▶ TASK DETAILS:
For the listing below, return the line containing "#154=LINE('',#153,#152);", the line containing "#162=AXIS2_PLACEMENT_3D('',#159,#160,#161);", and all lines in between, exactly as written and nothing else.

▶ GIVEN DATA:

[Start of Attachment]

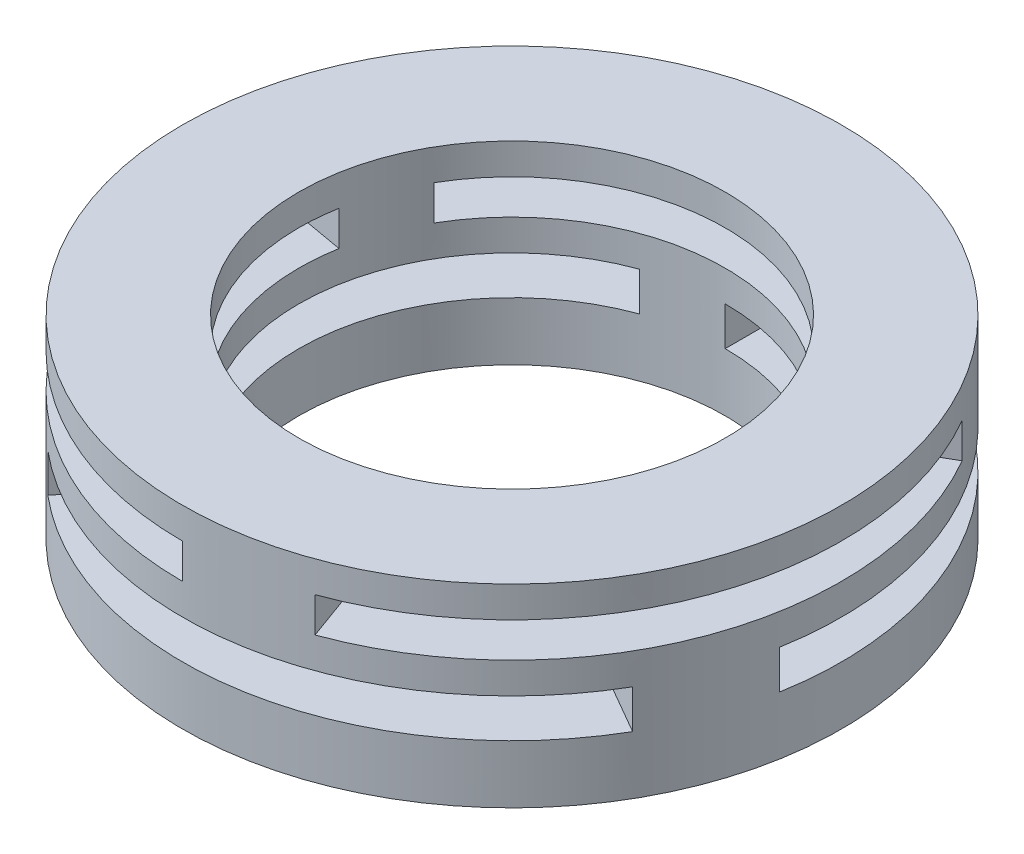
ISO-10303-21;
HEADER;
FILE_DESCRIPTION(('STEP AP214'),'2;1');
FILE_NAME('part.step','',(''),(''),'','','');
FILE_SCHEMA(('AUTOMOTIVE_DESIGN { 1 0 10303 214 1 1 1 1 }'));
ENDSEC;
DATA;
#1=APPLICATION_CONTEXT('core data for automotive mechanical design processes');
#2=APPLICATION_PROTOCOL_DEFINITION('international standard','automotive_design',2000,#1);
#3=PRODUCT_CONTEXT('',#1,'mechanical');
#4=PRODUCT('Part','Part','',(#3));
#5=PRODUCT_RELATED_PRODUCT_CATEGORY('part','',(#4));
#6=PRODUCT_DEFINITION_FORMATION('','',#4);
#7=PRODUCT_DEFINITION_CONTEXT('part definition',#1,'design');
#8=PRODUCT_DEFINITION('design','',#6,#7);
#9=PRODUCT_DEFINITION_SHAPE('','',#8);
#10=(LENGTH_UNIT() NAMED_UNIT(*) SI_UNIT(.MILLI.,.METRE.));
#11=(NAMED_UNIT(*) PLANE_ANGLE_UNIT() SI_UNIT($,.RADIAN.));
#12=(NAMED_UNIT(*) SI_UNIT($,.STERADIAN.) SOLID_ANGLE_UNIT());
#13=UNCERTAINTY_MEASURE_WITH_UNIT(LENGTH_MEASURE(1.E-05),#10,'distance_accuracy_value','');
#14=(GEOMETRIC_REPRESENTATION_CONTEXT(3) GLOBAL_UNCERTAINTY_ASSIGNED_CONTEXT((#13)) GLOBAL_UNIT_ASSIGNED_CONTEXT((#10,
#11,#12)) REPRESENTATION_CONTEXT('',''));
#15=CARTESIAN_POINT('',(0.,0.,0.));
#16=DIRECTION('',(0.,0.,1.));
#17=DIRECTION('',(1.,0.,0.));
#18=AXIS2_PLACEMENT_3D('',#15,#16,#17);
#19=CARTESIAN_POINT('',(3.86795134082924E-13,-112.760074912511,0.));
#20=DIRECTION('',(0.,1.,0.));
#21=DIRECTION('',(-1.,0.,0.));
#22=AXIS2_PLACEMENT_3D('',#19,#20,#21);
#23=CYLINDRICAL_SURFACE('',#22,5.50000000000001);
#24=DIRECTION('',(0.,1.,0.));
#25=VECTOR('',#24,1.);
#26=CARTESIAN_POINT('',(4.25264361886186E-13,-112.760074912511,5.50000000000001));
#27=LINE('',#26,#25);
#28=CARTESIAN_POINT('',(0.,4.19999999999998,5.50000000000001));
#29=VERTEX_POINT('',#28);
#30=CARTESIAN_POINT('',(0.,3.29999999999997,5.50000000000001));
#31=VERTEX_POINT('',#30);
#32=EDGE_CURVE('E239',#29,#31,#27,.F.);
#33=ORIENTED_EDGE('',*,*,#32,.F.);
#34=CARTESIAN_POINT('',(0.,4.19999999999998,0.));
#35=DIRECTION('',(0.,1.,0.));
#36=DIRECTION('',(-1.,0.,0.));
#37=AXIS2_PLACEMENT_3D('',#34,#35,#36);
#38=CIRCLE('',#37,5.50000000000001);
#39=CARTESIAN_POINT('',(-5.41644264156717,4.19999999999996,-0.955064977168101));
#40=VERTEX_POINT('',#39);
#41=EDGE_CURVE('E232',#29,#40,#38,.F.);
#42=ORIENTED_EDGE('',*,*,#41,.T.);
#43=DIRECTION('',(0.,1.,0.));
#44=VECTOR('',#43,1.);
#45=CARTESIAN_POINT('',(-5.41644264156677,-112.760074912511,-0.955064977168101));
#46=LINE('',#45,#44);
#47=CARTESIAN_POINT('',(-5.41644264156717,3.29999999999995,-0.955064977168101));
#48=VERTEX_POINT('',#47);
#49=EDGE_CURVE('E207',#48,#40,#46,.T.);
#50=ORIENTED_EDGE('',*,*,#49,.F.);
#51=CARTESIAN_POINT('',(0.,3.29999999999997,0.));
#52=DIRECTION('',(0.,1.,0.));
#53=DIRECTION('',(-1.,0.,0.));
#54=AXIS2_PLACEMENT_3D('',#51,#52,#53);
#55=CIRCLE('',#54,5.50000000000001);
#56=EDGE_CURVE('E227',#31,#48,#55,.F.);
#57=ORIENTED_EDGE('',*,*,#56,.F.);
#58=EDGE_LOOP('',(#33,#42,#50,#57));
#59=FACE_BOUND('',#58,.T.);
#60=DIRECTION('',(0.,1.,0.));
#61=VECTOR('',#60,1.);
#62=CARTESIAN_POINT('',(-4.76313972081404,-112.760074912511,-2.74999999999999));
#63=LINE('',#62,#61);
#64=CARTESIAN_POINT('',(-4.76313972081444,4.19999999999996,-2.74999999999999));
#65=VERTEX_POINT('',#64);
#66=CARTESIAN_POINT('',(-4.76313972081444,3.29999999999995,-2.74999999999999));
#67=VERTEX_POINT('',#66);
#68=EDGE_CURVE('E279',#65,#67,#63,.F.);
#69=ORIENTED_EDGE('',*,*,#68,.F.);
#70=CARTESIAN_POINT('',(0.,4.19999999999998,0.));
#71=DIRECTION('',(0.,1.,0.));
#72=DIRECTION('',(-1.,0.,0.));
#73=AXIS2_PLACEMENT_3D('',#70,#71,#72);
#74=CIRCLE('',#73,5.50000000000001);
#75=CARTESIAN_POINT('',(3.53533185327596,4.19999999999999,-4.21324443715438));
#76=VERTEX_POINT('',#75);
#77=EDGE_CURVE('E275',#65,#76,#74,.F.);
#78=ORIENTED_EDGE('',*,*,#77,.T.);
#79=DIRECTION('',(0.,1.,0.));
#80=VECTOR('',#79,1.);
#81=CARTESIAN_POINT('',(3.53533185327636,-112.760074912511,-4.21324443715438));
#82=LINE('',#81,#80);
#83=CARTESIAN_POINT('',(3.53533185327597,3.29999999999998,-4.21324443715438));
#84=VERTEX_POINT('',#83);
#85=EDGE_CURVE('E283',#84,#76,#82,.T.);
#86=ORIENTED_EDGE('',*,*,#85,.F.);
#87=CARTESIAN_POINT('',(0.,3.29999999999997,0.));
#88=DIRECTION('',(0.,1.,0.));
#89=DIRECTION('',(-1.,0.,0.));
#90=AXIS2_PLACEMENT_3D('',#87,#88,#89);
#91=CIRCLE('',#90,5.50000000000001);
#92=EDGE_CURVE('E272',#67,#84,#91,.F.);
#93=ORIENTED_EDGE('',*,*,#92,.F.);
#94=EDGE_LOOP('',(#69,#78,#86,#93));
#95=FACE_BOUND('',#94,.T.);
#96=DIRECTION('',(0.,1.,0.));
#97=VECTOR('',#96,1.);
#98=CARTESIAN_POINT('',(4.76313972081481,-112.760074912511,-2.74999999999999));
#99=LINE('',#98,#97);
#100=CARTESIAN_POINT('',(4.76313972081441,4.2,-2.74999999999999));
#101=VERTEX_POINT('',#100);
#102=CARTESIAN_POINT('',(4.76313972081442,3.29999999999999,-2.74999999999999));
#103=VERTEX_POINT('',#102);
#104=EDGE_CURVE('E321',#101,#103,#99,.F.);
#105=ORIENTED_EDGE('',*,*,#104,.F.);
#106=CARTESIAN_POINT('',(0.,4.19999999999998,0.));
#107=DIRECTION('',(0.,1.,0.));
#108=DIRECTION('',(-1.,0.,0.));
#109=AXIS2_PLACEMENT_3D('',#106,#107,#108);
#110=CIRCLE('',#109,5.50000000000001);
#111=CARTESIAN_POINT('',(1.88111078829114,4.19999999999999,5.16830941432251));
#112=VERTEX_POINT('',#111);
#113=EDGE_CURVE('E317',#101,#112,#110,.F.);
#114=ORIENTED_EDGE('',*,*,#113,.T.);
#115=DIRECTION('',(0.,1.,0.));
#116=VECTOR('',#115,1.);
#117=CARTESIAN_POINT('',(1.88111078829154,-112.760074912511,5.16830941432251));
#118=LINE('',#117,#116);
#119=CARTESIAN_POINT('',(1.88111078829114,3.29999999999998,5.16830941432251));
#120=VERTEX_POINT('',#119);
#121=EDGE_CURVE('E325',#120,#112,#118,.T.);
#122=ORIENTED_EDGE('',*,*,#121,.F.);
#123=CARTESIAN_POINT('',(0.,3.29999999999997,0.));
#124=DIRECTION('',(0.,1.,0.));
#125=DIRECTION('',(-1.,0.,0.));
#126=AXIS2_PLACEMENT_3D('',#123,#124,#125);
#127=CIRCLE('',#126,5.50000000000001);
#128=EDGE_CURVE('E314',#103,#120,#127,.F.);
#129=ORIENTED_EDGE('',*,*,#128,.F.);
#130=EDGE_LOOP('',(#105,#114,#122,#129));
#131=FACE_BOUND('',#130,.T.);
#132=DIRECTION('',(0.,-1.,0.));
#133=VECTOR('',#132,1.);
#134=CARTESIAN_POINT('',(4.76313972081444,2.49999999999999,2.74999999999996));
#135=LINE('',#134,#133);
#136=CARTESIAN_POINT('',(4.76313972081444,2.49999999999999,2.74999999999996));
#137=VERTEX_POINT('',#136);
#138=CARTESIAN_POINT('',(4.76313972081444,1.49999999999999,2.74999999999996));
#139=VERTEX_POINT('',#138);
#140=EDGE_CURVE('E364',#137,#139,#135,.T.);
#141=ORIENTED_EDGE('',*,*,#140,.F.);
#142=CARTESIAN_POINT('',(0.,2.49999999999998,0.));
#143=DIRECTION('',(0.,-1.,0.));
#144=DIRECTION('',(0.499999999999992,0.,-0.866025403784443));
#145=AXIS2_PLACEMENT_3D('',#142,#143,#144);
#146=CIRCLE('',#145,5.50000000000002);
#147=CARTESIAN_POINT('',(-3.53533185327593,2.49999999999996,4.21324443715444));
#148=VERTEX_POINT('',#147);
#149=EDGE_CURVE('E337',#137,#148,#146,.T.);
#150=ORIENTED_EDGE('',*,*,#149,.T.);
#151=DIRECTION('',(0.,-1.,0.));
#152=VECTOR('',#151,1.);
#153=CARTESIAN_POINT('',(-3.53533185327593,2.49999999999996,4.21324443715444));
#154=LINE('',#153,#152);
#155=CARTESIAN_POINT('',(-3.53533185327593,1.49999999999996,4.21324443715444));
#156=VERTEX_POINT('',#155);
#157=EDGE_CURVE('E360',#148,#156,#154,.T.);
#158=ORIENTED_EDGE('',*,*,#157,.T.);
#159=CARTESIAN_POINT('',(0.,1.49999999999998,0.));
#160=DIRECTION('',(0.,-1.,0.));
#161=DIRECTION('',(0.499999999999992,0.,-0.866025403784443));
#162=AXIS2_PLACEMENT_3D('',#159,#160,#161);
#163=CIRCLE('',#162,5.50000000000002);
#164=EDGE_CURVE('E352',#139,#156,#163,.T.);
#165=ORIENTED_EDGE('',*,*,#164,.F.);
#166=EDGE_LOOP('',(#141,#150,#158,#165));
#167=FACE_BOUND('',#166,.T.);
#168=DIRECTION('',(0.,-1.,0.));
#169=VECTOR('',#168,1.);
#170=CARTESIAN_POINT('',(-4.76313972081442,2.49999999999996,2.75000000000003));
#171=LINE('',#170,#169);
#172=CARTESIAN_POINT('',(-4.76313972081442,2.49999999999996,2.75000000000003));
#173=VERTEX_POINT('',#172);
#174=CARTESIAN_POINT('',(-4.76313972081441,1.49999999999996,2.75000000000003));
#175=VERTEX_POINT('',#174);
#176=EDGE_CURVE('E407',#173,#175,#171,.T.);
#177=ORIENTED_EDGE('',*,*,#176,.F.);
#178=CARTESIAN_POINT('',(0.,2.49999999999998,0.));
#179=DIRECTION('',(0.,-1.,0.));
#180=DIRECTION('',(0.500000000000004,0.,0.866025403784436));
#181=AXIS2_PLACEMENT_3D('',#178,#179,#180);
#182=CIRCLE('',#181,5.50000000000002);
#183=CARTESIAN_POINT('',(-1.88111078829124,2.49999999999997,-5.1683094143225));
#184=VERTEX_POINT('',#183);
#185=EDGE_CURVE('E380',#173,#184,#182,.T.);
#186=ORIENTED_EDGE('',*,*,#185,.T.);
#187=DIRECTION('',(0.,-1.,0.));
#188=VECTOR('',#187,1.);
#189=CARTESIAN_POINT('',(-1.88111078829124,2.49999999999997,-5.1683094143225));
#190=LINE('',#189,#188);
#191=CARTESIAN_POINT('',(-1.88111078829123,1.49999999999997,-5.1683094143225));
#192=VERTEX_POINT('',#191);
#193=EDGE_CURVE('E403',#184,#192,#190,.T.);
#194=ORIENTED_EDGE('',*,*,#193,.T.);
#195=CARTESIAN_POINT('',(0.,1.49999999999998,0.));
#196=DIRECTION('',(0.,-1.,0.));
#197=DIRECTION('',(0.500000000000004,0.,0.866025403784436));
#198=AXIS2_PLACEMENT_3D('',#195,#196,#197);
#199=CIRCLE('',#198,5.50000000000002);
#200=EDGE_CURVE('E395',#175,#192,#199,.T.);
#201=ORIENTED_EDGE('',*,*,#200,.F.);
#202=EDGE_LOOP('',(#177,#186,#194,#201));
#203=FACE_BOUND('',#202,.T.);
#204=DIRECTION('',(0.,-1.,0.));
#205=VECTOR('',#204,1.);
#206=CARTESIAN_POINT('',(0.,2.49999999999998,-5.50000000000002));
#207=LINE('',#206,#205);
#208=CARTESIAN_POINT('',(0.,2.49999999999998,-5.50000000000002));
#209=VERTEX_POINT('',#208);
#210=CARTESIAN_POINT('',(0.,1.49999999999997,-5.50000000000001));
#211=VERTEX_POINT('',#210);
#212=EDGE_CURVE('E450',#209,#211,#207,.T.);
#213=ORIENTED_EDGE('',*,*,#212,.F.);
#214=CARTESIAN_POINT('',(0.,2.49999999999998,0.));
#215=DIRECTION('',(0.,-1.,0.));
#216=DIRECTION('',(-1.,0.,0.));
#217=AXIS2_PLACEMENT_3D('',#214,#215,#216);
#218=CIRCLE('',#217,5.50000000000002);
#219=CARTESIAN_POINT('',(5.41644264156716,2.49999999999999,0.955064977168098));
#220=VERTEX_POINT('',#219);
#221=EDGE_CURVE('E423',#209,#220,#218,.T.);
#222=ORIENTED_EDGE('',*,*,#221,.T.);
#223=DIRECTION('',(0.,-1.,0.));
#224=VECTOR('',#223,1.);
#225=CARTESIAN_POINT('',(5.41644264156716,2.49999999999999,0.955064977168098));
#226=LINE('',#225,#224);
#227=CARTESIAN_POINT('',(5.41644264156716,1.49999999999999,0.955064977168098));
#228=VERTEX_POINT('',#227);
#229=EDGE_CURVE('E446',#220,#228,#226,.T.);
#230=ORIENTED_EDGE('',*,*,#229,.T.);
#231=CARTESIAN_POINT('',(0.,1.49999999999998,0.));
#232=DIRECTION('',(0.,-1.,0.));
#233=DIRECTION('',(-1.,0.,0.));
#234=AXIS2_PLACEMENT_3D('',#231,#232,#233);
#235=CIRCLE('',#234,5.50000000000002);
#236=EDGE_CURVE('E438',#211,#228,#235,.T.);
#237=ORIENTED_EDGE('',*,*,#236,.F.);
#238=EDGE_LOOP('',(#213,#222,#230,#237));
#239=FACE_BOUND('',#238,.T.);
#240=CARTESIAN_POINT('',(0.,0.,0.));
#241=DIRECTION('',(0.,1.,0.));
#242=DIRECTION('',(-1.,0.,0.));
#243=AXIS2_PLACEMENT_3D('',#240,#241,#242);
#244=CIRCLE('',#243,5.5);
#245=CARTESIAN_POINT('',(-5.5,0.,0.));
#246=VERTEX_POINT('',#245);
#247=EDGE_CURVE('E11',#246,#246,#244,.T.);
#248=ORIENTED_EDGE('',*,*,#247,.F.);
#249=EDGE_LOOP('',(#248));
#250=FACE_BOUND('',#249,.T.);
#251=CARTESIAN_POINT('',(0.,4.99999999999999,0.));
#252=DIRECTION('',(0.,1.,0.));
#253=DIRECTION('',(-1.,0.,0.));
#254=AXIS2_PLACEMENT_3D('',#251,#252,#253);
#255=CIRCLE('',#254,5.50000000000002);
#256=CARTESIAN_POINT('',(-5.50000000000003,4.99999999999997,0.));
#257=VERTEX_POINT('',#256);
#258=EDGE_CURVE('E457',#257,#257,#255,.T.);
#259=ORIENTED_EDGE('',*,*,#258,.T.);
#260=EDGE_LOOP('',(#259));
#261=FACE_BOUND('',#260,.T.);
#262=ADVANCED_FACE('F43',(#59,#95,#131,#167,#203,#239,#250,#261),#23,.F.);
#263=CARTESIAN_POINT('',(5.5,0.,0.));
#264=DIRECTION('',(0.,1.,0.));
#265=DIRECTION('',(-1.,0.,0.));
#266=AXIS2_PLACEMENT_3D('',#263,#264,#265);
#267=PLANE('',#266);
#268=CARTESIAN_POINT('',(0.,0.,0.));
#269=DIRECTION('',(0.,1.,0.));
#270=DIRECTION('',(-1.,0.,0.));
#271=AXIS2_PLACEMENT_3D('',#268,#269,#270);
#272=CIRCLE('',#271,8.5);
#273=CARTESIAN_POINT('',(-8.5,0.,0.));
#274=VERTEX_POINT('',#273);
#275=EDGE_CURVE('E51',#274,#274,#272,.T.);
#276=ORIENTED_EDGE('',*,*,#275,.F.);
#277=EDGE_LOOP('',(#276));
#278=FACE_BOUND('',#277,.T.);
#279=ORIENTED_EDGE('',*,*,#247,.T.);
#280=EDGE_LOOP('',(#279));
#281=FACE_BOUND('',#280,.T.);
#282=ADVANCED_FACE('F469',(#278,#281),#267,.F.);
#283=CARTESIAN_POINT('',(3.86795134082924E-13,-112.760074912511,0.));
#284=DIRECTION('',(0.,1.,0.));
#285=DIRECTION('',(-1.,0.,0.));
#286=AXIS2_PLACEMENT_3D('',#283,#284,#285);
#287=CYLINDRICAL_SURFACE('',#286,8.50000000000001);
#288=DIRECTION('',(0.,-1.,0.));
#289=VECTOR('',#288,1.);
#290=CARTESIAN_POINT('',(-8.37086590060381,4.19999999999995,-1.47600951016888));
#291=LINE('',#290,#289);
#292=CARTESIAN_POINT('',(-8.37086590060381,4.19999999999995,-1.47600951016888));
#293=VERTEX_POINT('',#292);
#294=CARTESIAN_POINT('',(-8.37086590060379,3.29999999999994,-1.47600951016888));
#295=VERTEX_POINT('',#294);
#296=EDGE_CURVE('E66',#293,#295,#291,.T.);
#297=ORIENTED_EDGE('',*,*,#296,.F.);
#298=CARTESIAN_POINT('',(0.,4.19999999999998,0.));
#299=DIRECTION('',(0.,1.,0.));
#300=DIRECTION('',(0.499999999999992,0.,-0.866025403784443));
#301=AXIS2_PLACEMENT_3D('',#298,#299,#300);
#302=CIRCLE('',#301,8.50000000000002);
#303=CARTESIAN_POINT('',(0.,4.19999999999998,8.50000000000002));
#304=VERTEX_POINT('',#303);
#305=EDGE_CURVE('E211',#293,#304,#302,.T.);
#306=ORIENTED_EDGE('',*,*,#305,.T.);
#307=DIRECTION('',(0.,-1.,0.));
#308=VECTOR('',#307,1.);
#309=CARTESIAN_POINT('',(0.,4.19999999999998,8.50000000000002));
#310=LINE('',#309,#308);
#311=CARTESIAN_POINT('',(0.,3.29999999999998,8.50000000000002));
#312=VERTEX_POINT('',#311);
#313=EDGE_CURVE('E228',#304,#312,#310,.T.);
#314=ORIENTED_EDGE('',*,*,#313,.T.);
#315=CARTESIAN_POINT('',(0.,3.29999999999998,0.));
#316=DIRECTION('',(0.,1.,0.));
#317=DIRECTION('',(0.499999999999992,0.,-0.866025403784443));
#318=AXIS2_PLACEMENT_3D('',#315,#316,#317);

[End of Attachment]

▶ SOLUTION:
#154=LINE('',#153,#152);
#155=CARTESIAN_POINT('',(-3.53533185327593,1.49999999999996,4.21324443715444));
#156=VERTEX_POINT('',#155);
#157=EDGE_CURVE('E360',#148,#156,#154,.T.);
#158=ORIENTED_EDGE('',*,*,#157,.T.);
#159=CARTESIAN_POINT('',(0.,1.49999999999998,0.));
#160=DIRECTION('',(0.,-1.,0.));
#161=DIRECTION('',(0.499999999999992,0.,-0.866025403784443));
#162=AXIS2_PLACEMENT_3D('',#159,#160,#161);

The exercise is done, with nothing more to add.